Yes M’Lud: it really is too good for them.
 From the Carmarthenshire and Llanelli Heralds, republished with kind permission


Cadno, the fox


10 comments:

Ken Haylock said...

Simply brilliant. Simply simply brilliant.

Anonymous said...

Mr Fatcat's ridiculous reputation gets another kicking.

Anonymous said...

Mr Fatcat is slightly fatter tonight,I paid the Council tax today,

Anonymous said...

This must be one of the best local papers in Wales if not in the whole country.I echo Ken Haylock's comment.

Redhead said...

Mr Fat Cat Cream Caviar, to give him his full name.
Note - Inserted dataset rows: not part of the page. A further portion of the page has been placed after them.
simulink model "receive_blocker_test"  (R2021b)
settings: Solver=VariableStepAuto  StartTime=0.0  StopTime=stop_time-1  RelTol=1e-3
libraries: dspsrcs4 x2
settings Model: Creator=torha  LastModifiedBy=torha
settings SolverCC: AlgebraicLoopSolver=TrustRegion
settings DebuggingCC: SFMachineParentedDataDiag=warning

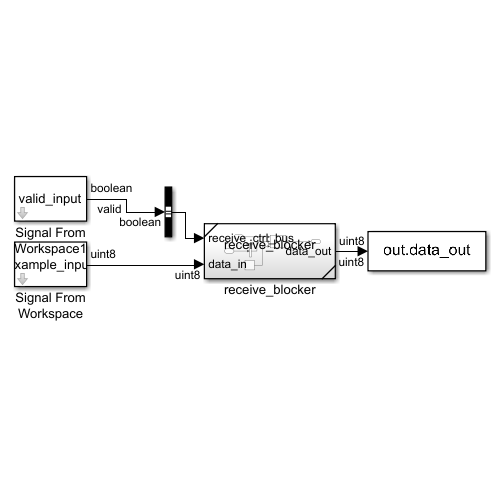
[thumbnail: Simulink's stored preview of the top-level diagram]
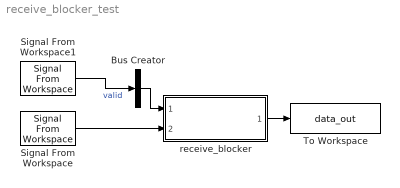
== system receive_blocker_test ==
  Bus Creator : BusCreator  Inputs=1
  Signal From Workspace : dspsrcs4/Signal From Workspace  X=example_input  Ts=1  nsamps=1  OutputAfterFinalValue=Setting to zero  ignoreOrWarnInputAndFrameLengths=off  OutputFrames=off
  Signal From Workspace1 : dspsrcs4/Signal From Workspace  X=valid_input  Ts=1  nsamps=1  OutputAfterFinalValue=Setting to zero  ignoreOrWarnInputAndFrameLengths=off  OutputFrames=off
  To Workspace : ToWorkspace  VariableName=data_out  SampleTime=-1
      settings: Save2DSignal=2-D array (concatenate along first dimension)
  receive_blocker : Subsystem  ReferencedSubsystem=receive_blocker
  wires:
  Signal From Workspace/1 -> receive_blocker/2
  Signal From Workspace1/1 -> Bus Creator/1  "valid"
  receive_blocker/1 -> To Workspace/1
  Bus Creator/1 -> receive_blocker/1
simulink model "TEST_LIDAR"  (R2022b)
settings: Solver=FixedStepAuto  StartTime=0.0  StopTime=inf  FixedStep=1e-3  RelTol=1e-3  EnableMultiTasking=on
model workspace (MAT data in the model file):
  SL_ROS_VariableLengthArrays_MaxSizes : object (value not decoded)
values from neighbouring files (symbols this model uses):
  data = theClient.GetLastFrameOfData()    [FuncMotive.m]
undefined symbols (not defined in the file or in its folder): angular, carstamp, CIRCUIT, CLTF_DAMP, CLTF_FREQ, CLTF_GAIN, CONTROL, CONTROL_INI, DiscIntNeverNeededParam, INPUT, linear, MCP3201, MD25, MODEL, MODEL_INI, mpcstate, MPU60X0, MPU9250, MSG, NAV_MPC_CONTROL, OUTPUT, RCRX, SAMPLING_TIME, SYSID_INPUT, VL6180X
libraries: raspberrypiCommlib x160, simulink x89, raspberrypiNetworklib x22, ros2lib x14, dspsigattribs x14, embedlinuxBasiclib x12, ctrlSharedLib x2, mpclib x1, vrlib x1, sldrtlib x1
(part 16 of 19)

== matlab function TEST_LIDAR/CONTROL/LOCAL TARGETS/NAVIGATION TARGETS/PATH PLANNER ==
  data: CONTROL_IN input Bus: CONTROL_Bus; CONTROL output Bus: CONTROL_Bus
function CONTROL = MPC_TARGET_UPDATE(CONTROL_IN)

%--------------------------------------------------------------
% COPY CONTROL BUS
%--------------------------------------------------------------
CONTROL = CONTROL_IN;

%--------------------------------------------------------------
% DISABLING TARGET UPDATE
%--------------------------------------------------------------
% CONTROL_STATUS
% / 0. INITIALIZATION     / 1. ESTIMATION    / 2. ACTIVE CONTROL
if CONTROL.STATE.CONTROL_STATUS < 2  % INITIALIZATION    
    return
end

%--------------------------------------------------------------
% TIME MANAGEMENT
%--------------------------------------------------------------
% Sampling time 
ts = CONTROL.PARAM.SAMPLING_TIME;
% Trajectory update time 
tc = 10*ts;
persistent initialize TIMER
if isempty(initialize)
    TIMER = 0;
    initialize = 1;
end
TIMER = TIMER + ts;
if TIMER > tc-ts/2
    TIMER = 0;
    return
end

%--------------------------------------------------------------
% PARAMETERS
%--------------------------------------------------------------
% Maximun velocity magnitude 
VEL_MAG_MAX = CONTROL.PARAM.VEL_MAG_MAX;
% Prediction horizon (<= prediction horizon in mpcDesigner)
P = 20;
% Circular outline radius
% WP_R = CONTROL.PARAM.WP_R;

%**************************************************************************

% Number of waypoints
NUM_WAYPOINTS = CONTROL.TARGET.MISSION_NUM_WAYPOINTS;
% Waypoint list
WP_LIST = CONTROL.TARGET.MISSION_WAYPOINTS(1:NUM_WAYPOINTS,:);
% Next waypoint
NEXT_WP = CONTROL.TARGET.MISSION_COUNT;
% TARGETS
CONTROL.TARGET.NAV_REF = CONTROL.TARGET.NAV_REF_LC;
CONTROL.TARGET.FORWARD_VEL_REF = CONTROL.TARGET.NAV_REF(1);
% Tolerances
WP_R = CONTROL.TARGET.MISSION_WP_RADIUS;
YA_ERR = CONTROL.TARGET.MISSION_YA_ERROR;
% POSITION UPDATE
POS_XY = CONTROL.INPUT.EARTH_POS(1:2);
YAW_ANG = CONTROL.INPUT.YAW_ANG;
POS_INC = (WP_LIST(NEXT_WP,2) - POS_XY(1)) + (WP_LIST(NEXT_WP,3) - POS_XY(2))*1i;
POS_INC_MAG = abs(POS_INC);
if POS_INC_MAG<WP_R
    if WP_LIST(NEXT_WP,1)>TIMER_NAV
        CONTROL.TARGET.FORWARD_VEL_REF = 0;
        CONTROL.TARGET.YAW_ANG_REF = WP_LIST(NEXT_WP,4)*pi/180;
        TIMER_NAV = TIMER_NAV + SAMPLING_TIME;
        if abs(CONTROL.TARGET.YAW_ANG_REF-YAW_ANG)>YA_ERR
            TIMER_NAV = 0;
        end
    else
        TIMER_NAV = 0;
        NEXT_WP = NEXT_WP + uint8(1);
        CONTROL.TARGET.FORWARD_VEL_REF = CONTROL.TARGET.NAV_REF(1);
        CONTROL.TARGET.YAW_ANG_REF = CONTROL.TARGET.NAV_REF(2);
    end
else
    CONTROL.TARGET.FORWARD_VEL_REF = CONTROL.TARGET.NAV_REF(1);
    CONTROL.TARGET.YAW_ANG_REF = CONTROL.TARGET.NAV_REF(2);
end
if NEXT_WP>size(WP_LIST,1)
    NEXT_WP = uint8(size(WP_LIST,1));
end
% CONTROL BUS UPDATE
CONTROL.TARGET.MISSION_COUNT = NEXT_WP;
CONTROL.TARGET.POS_XY_REF = WP_LIST(NEXT_WP,2:3)';
CONTROL.STATE.NEXT_WP = NEXT_WP;

%**************************************************************************            
VEL_XY = VEL_MAG_TARGET.*exp(1j*VEL_ANG_TARGET);
CONTROL.TARGET.VEL_XY_REF(1) = real(VEL_XY(1));
CONTROL.TARGET.VEL_XY_REF(2) = imag(VEL_XY(1));
CONTROL.TARGET.NAV_REF = [VEL_MAG_TARGET(1) ; VEL_ANG_TARGET(1)];

return

== matlab function TEST_LIDAR/GAZEBO SIMULATION/SENSORS/WALL RANGE SENSOR/ANGLE AND DISTANCE COMPUTATION/YAW_ANGLE_DISTANCE_COMPUTATION ==
  data: FRONT_DISTANCE input; CONTROL output Bus: CONTROL_Bus; REAR_DISTANCE input; CONTROL_IN input
function CONTROL = WALL_ORIENTATION(FRONT_DISTANCE,REAR_DISTANCE,CONTROL_IN)

%% UPDATE BUS
CONTROL = CONTROL_IN;
%% PARAMETERS
RANGE_SENS_DIST = CONTROL.PARAM.RANGE_SENS_DIST;
%% MEASUREMENTS
CONTROL.INPUT.RANGE_WALL_ANG = atan2((REAR_DISTANCE-FRONT_DISTANCE)/1000,RANGE_SENS_DIST);
CONTROL.INPUT.RANGE_WALL_DIST = (FRONT_DISTANCE+REAR_DISTANCE)/2*cos(CONTROL.INPUT.RANGE_WALL_ANG)/1000;
CONTROL.INPUT.RANGE_FRONT_DIST = FRONT_DISTANCE/1000; % m
CONTROL.INPUT.RANGE_REAR_DIST = REAR_DISTANCE/1000; % m

return

== matlab function TEST_LIDAR/CONTROL/LOCAL TARGETS/NAVIGATION TARGETS/TRAJECTORY PLANNER (POLYNOMIAL IN Vx & Vy) ==
  data: CONTROL_IN input Bus: CONTROL_Bus; CONTROL output Bus: CONTROL_Bus
function CONTROL = MPC_TARGET_UPDATE(CONTROL_IN)

%--------------------------------------------------------------
% COPY CONTROL BUS
%--------------------------------------------------------------
CONTROL = CONTROL_IN;

%--------------------------------------------------------------
% DISABLING TARGET UPDATE
%--------------------------------------------------------------
% CONTROL_STATUS
% / 0. INITIALIZATION     / 1. ESTIMATION    / 2. ACTIVE CONTROL
if CONTROL.STATE.CONTROL_STATUS < 2  % INITIALIZATION    
    return
end

%--------------------------------------------------------------
% TIME MANAGEMENT
%--------------------------------------------------------------
% Sampling time 
ts = CONTROL.PARAM.SAMPLING_TIME;
% Trajectory update time 
tc = 10*ts;
persistent initialize TIMER
if isempty(initialize)
    TIMER = 0;
    initialize = 1;
end
TIMER = TIMER + ts;
if TIMER > tc-ts/2
    TIMER = 0;
    return
end

%--------------------------------------------------------------
% PARAMETERS
%--------------------------------------------------------------
% Maximun velocity magnitude 
VEL_MAG_MAX = CONTROL.PARAM.VEL_MAG_MAX;
% Prediction horizon (<= prediction horizon in mpcDesigner)
P = 20;
% Circular outline radius
% WP_R = CONTROL.PARAM.WP_R;

%--------------------------------------------------------------
% MEASUREMENTS AND STATE
%--------------------------------------------------------------
VEL_MAG = CONTROL.INPUT.FORWARD_VEL;
VEL_ANG = CONTROL.INPUT.YAW_ANG;
VEL_X = CONTROL.INPUT.EARTH_VEL(1);
VEL_Y = CONTROL.INPUT.EARTH_VEL(2);
POS_XY = CONTROL.INPUT.EARTH_POS(1:2);
WP_XY = CONTROL.TARGET.MISSION_WAYPOINTS(1:CONTROL.TARGET.MISSION_NUM_WAYPOINTS,2:3)';
NEXT_WP = CONTROL.TARGET.MISSION_COUNT;
M = CONTROL.PARAM.NAV_MPC.PRED_HRZ;
if NEXT_WP == size(WP_XY,2)
    CONTROL.TARGET.NAV_REF_LC(1) = 0;
    CONTROL.TARGET.NAV_REF(1) = 0;
    CONTROL.TARGET.NAV_REF_MPC(1:M,1) = zeros(M,1);
    CONTROL.TARGET.VEL_XY_REF(1) = 0;
    CONTROL.TARGET.VEL_XY_REF(2) = 0;
    CONTROL.TARGET.FORWARD_VEL_REF = 0;
end

%--------------------------------------------------------------
% TRAJECTORY PLANNING
%--------------------------------------------------------------
% x(t) = sum(ai*t^i) i=0...N
% y(t) = sum(bi*t^i) i=0...N
% dx(t)/dt = vx(t) = sum(i*ai*t^(i-1)) i=0...N
% dy(t)/dt = vy(t) = sum(i*bi*t^(i-1)) i=0...N
% Position and distance data
pos_x = [POS_XY(1) WP_XY(1,NEXT_WP:end)]';
pos_y = [POS_XY(2) WP_XY(2,NEXT_WP:end)]'; 
d = abs(diff(pos_x) + 1j*diff(pos_y));
% Delete duplicated points (distance = 0)
ind = find(d>0);
pos_x = [pos_x(ind) ; pos_x(end)];
pos_y = [pos_y(ind) ; pos_y(end)];
d = abs(diff(pos_x) + 1j*diff(pos_y));
% Polynomial parameters
Np = min([4 length(pos_x)+1]);
% Polynomial order
N = Np-1;
% Parameter initialization
a = zeros(Np,1);
b = zeros(Np,1);
a(1) = pos_x(1);
b(1) = pos_y(1);
a(2) = VEL_X;
b(2) = VEL_Y;
% Time vector for target
t_tgt = (1:P)'*tc;
VEL_MAG_TARGET = zeros(P,1);
VEL_ANG_TARGET = zeros(P,1);
% Time matrix for velocity target computation
matTp = zeros(P,N+1);
matTv = zeros(P,N);
for nn = 1:N+1
    matTp(:,nn) = t_tgt.^(nn-1);
end
for nn = 1:N
    matTv(:,nn) = nn*t_tgt.^(nn-1);
end
flag_vel_max = true;
k = 1;
while flag_vel_max
    % Reaching time for the next waypoints
    t = cumsum([0 ; k*sqrt(2)*d(1:N-1)/VEL_MAG_MAX]);    
    % Polynomial coefficient estimation 
    % matBx = matA*a(3:Np);  
    % matBy = matA*b(3:Np)
    matA = zeros(Np-2);
    for nn = 1:Np-2
        matA(:,nn) = t(2:end).^(nn+1);
    end
    matBx = pos_x(2:Np-1) - a(2)*t(2:end) - a(1);
    matBy = pos_y(2:Np-1) - b(2)*t(2:end) - b(1);
    inv_matA = inv(matA);
    a(3:end) = inv_matA*matBx;
    b(3:end) = inv_matA*matBy;
    % Position target calculation
    px_tgt = matTp*a;
    py_tgt = matTp*b; 
    % Magnitude and angle velocity targets calculation
    vx_tgt = matTv*a(2:end);
    vy_tgt = matTv*b(2:end); 
    v_tgt = vx_tgt + 1j*vy_tgt;
    VEL_MAG_TARGET = abs(v_tgt);
    VEL_ANG_TARGET = angle(v_tgt)*(VEL_MAG_TARGET(1)>=0.005) + ...
                    VEL_ANG*ones(size(VEL_ANG_TARGET))*(VEL_MAG_TARGET(1)<0.005);
    % Decreasing velocity factor
    k = k*max(VEL_MAG_TARGET)/VEL_MAG_MAX;
    % Maximun velocity verification
    if (max(VEL_MAG_TARGET)/VEL_MAG_MAX)<=1.01
        flag_vel_max = false;
    end
end

%--------------------------------------------------------------
% UNWRAPPING
%--------------------------------------------------------------
aux1 = VEL_ANG_TARGET(1);
aux2 = VEL_ANG;
INC_VEL_ANG_TARGET = zeros(21,1);
INC_VEL_ANG_TARGET(1) = aux1-aux2;
for nn=1:10
    INC_VEL_ANG_TARGET(2*nn:2*nn+1) = [aux1-aux2-2*nn*pi ; aux1-aux2+2*nn*pi];
end
[~,ind] = min(abs(INC_VEL_ANG_TARGET));
VEL_ANG_TARGET(1) = aux2 + INC_VEL_ANG_TARGET(ind);
for nn = 2:P
    INC_VEL_ANG_TARGET = [VEL_ANG_TARGET(nn)-VEL_ANG_TARGET(nn-1)
                          VEL_ANG_TARGET(nn)-VEL_ANG_TARGET(nn-1)-2*pi
                          VEL_ANG_TARGET(nn)-VEL_ANG_TARGET(nn-1)+2*pi];
    [~,ind] = min(abs(INC_VEL_ANG_TARGET));
    VEL_ANG_TARGET(nn) = VEL_ANG_TARGET(nn-1) + INC_VEL_ANG_TARGET(ind);
end

%--------------------------------------------------------------
% CONTROL BUS UPDATE
%--------------------------------------------------------------
CONTROL.TARGET.NAV_REF_LC(1) = VEL_MAG_TARGET(1);
CONTROL.TARGET.NAV_REF_LC(2) = VEL_ANG_TARGET(1);
if M<=P
    CONTROL.TARGET.NAV_REF_MPC(1:M,1) = VEL_MAG_TARGET(1:M);
    CONTROL.TARGET.NAV_REF_MPC(1:M,2) = VEL_ANG_TARGET(1:M);
else
    CONTROL.TARGET.NAV_REF_MPC(1:M,1) = [VEL_MAG_TARGET(1:P); VEL_MAG_TARGET(end)*ones(M-P,1)];
    CONTROL.TARGET.NAV_REF_MPC(1:M,2) = [VEL_ANG_TARGET(1:P); VEL_ANG_TARGET(end)*ones(M-P,1)];
end
VEL_XY = VEL_MAG_TARGET.*exp(1j*VEL_ANG_TARGET);
CONTROL.TARGET.VEL_XY_REF(1) = real(VEL_XY(1));
CONTROL.TARGET.VEL_XY_REF(2) = imag(VEL_XY(1));
CONTROL.TARGET.NAV_REF = [VEL_MAG_TARGET(1) ; VEL_ANG_TARGET(1)];

return

== matlab function TEST_LIDAR/GAZEBO SIMULATION/SENSORS/READ MOTOR ENCODER/READ_ENCODER ==
  data: CONTROL_IN input Bus: CONTROL_Bus; right_enc input; CONTROL output Bus: CONTROL_Bus; left_enc input
function CONTROL = READ_ENCODER(CONTROL_IN,right_enc,left_enc)

%--------------------------------------------------------------
% UPDATE BUS
%--------------------------------------------------------------
CONTROL = CONTROL_IN;

%--------------------------------------------------------------
% STATE
%--------------------------------------------------------------
persistent initialize left_enc_prv right_enc_prv inc_com_ang_prv ...
           inc_dif_ang_prv inc2_com_ang_prv inc2_dif_ang_prv dif_ang ...
           dif_ang_offs left_enc_offs right_enc_offs

if isempty(initialize)
    left_enc_prv = zeros(2,1);
    right_enc_prv = zeros(2,1);
    left_enc_offs = 0;
    right_enc_offs = 0;
    inc_com_ang_prv = zeros(5,1);
    inc_dif_ang_prv = zeros(5,1);
    inc2_com_ang_prv = zeros(5,1);
    inc2_dif_ang_prv = zeros(5,1);
    dif_ang = 0;
    dif_ang_offs = 0;        
    initialize = 1;
end

%--------------------------------------------------------------
% PARAMETERS
%--------------------------------------------------------------
% Wheel gear ratio
WHEEL_GEAR_RATIO = CONTROL.PARAM.WHEEL_GEAR_RATIO;
% Motor gear ratio
MOTOR_GEAR_RATIO = CONTROL.PARAM.MOTOR_GEAR_RATIO;
% Encoder resolution: number of pulses / revolution of main shaft
MOTOR_ENC_RES = CONTROL.PARAM.MOTOR_ENC_RES; 

%--------------------------------------------------------------
% ENCODER READOUT
%--------------------------------------------------------------
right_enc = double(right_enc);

Oh, and anyone else wanting a CBE could perhaps use this service:
http://www.awardsintelligence.co.uk/queens-honours/cbe
Would love to see their client list ...

Anonymous said...

It's high time that the Plaid "higher ups" sort out this messy business.
The current Councillors do not represent Plaid in any shape or form.

Ken Haylock said...

If only it were so simple for Plaid to disavow all knowledge.

Anonymous said...

The Herald really is an excellent local paper. A really great mix of local and national news and, remarkably these days REAL journalism. I buy it every week without fail and would encourage anyone else to.

Anonymous said...

I agree, Anon@21.41. The Herald knocks spots of other local and regional newspapers and deserves to be much more widely circulated and purchased (for Cadno alone!) but I find that an awful lot of people still haven't heard of it; perhaps an advertising campaign is needed? I'm trying to spread the word but it can be difficult to prise the Journal out of some habitually loyal hands.

Anonymous said...

Sorry, but I think sometimes Cadno is too foxy for his/her own good. Those of us 'in the know' all enjoy his articles and in-jokes, but I doubt whether the majority of the casual Herald readers actually know what (s)he's on about. In fact I got my brother-in-law to read this particular article and he was not at all sure who/what were being referred to - and he used to work for the council! Just a thought.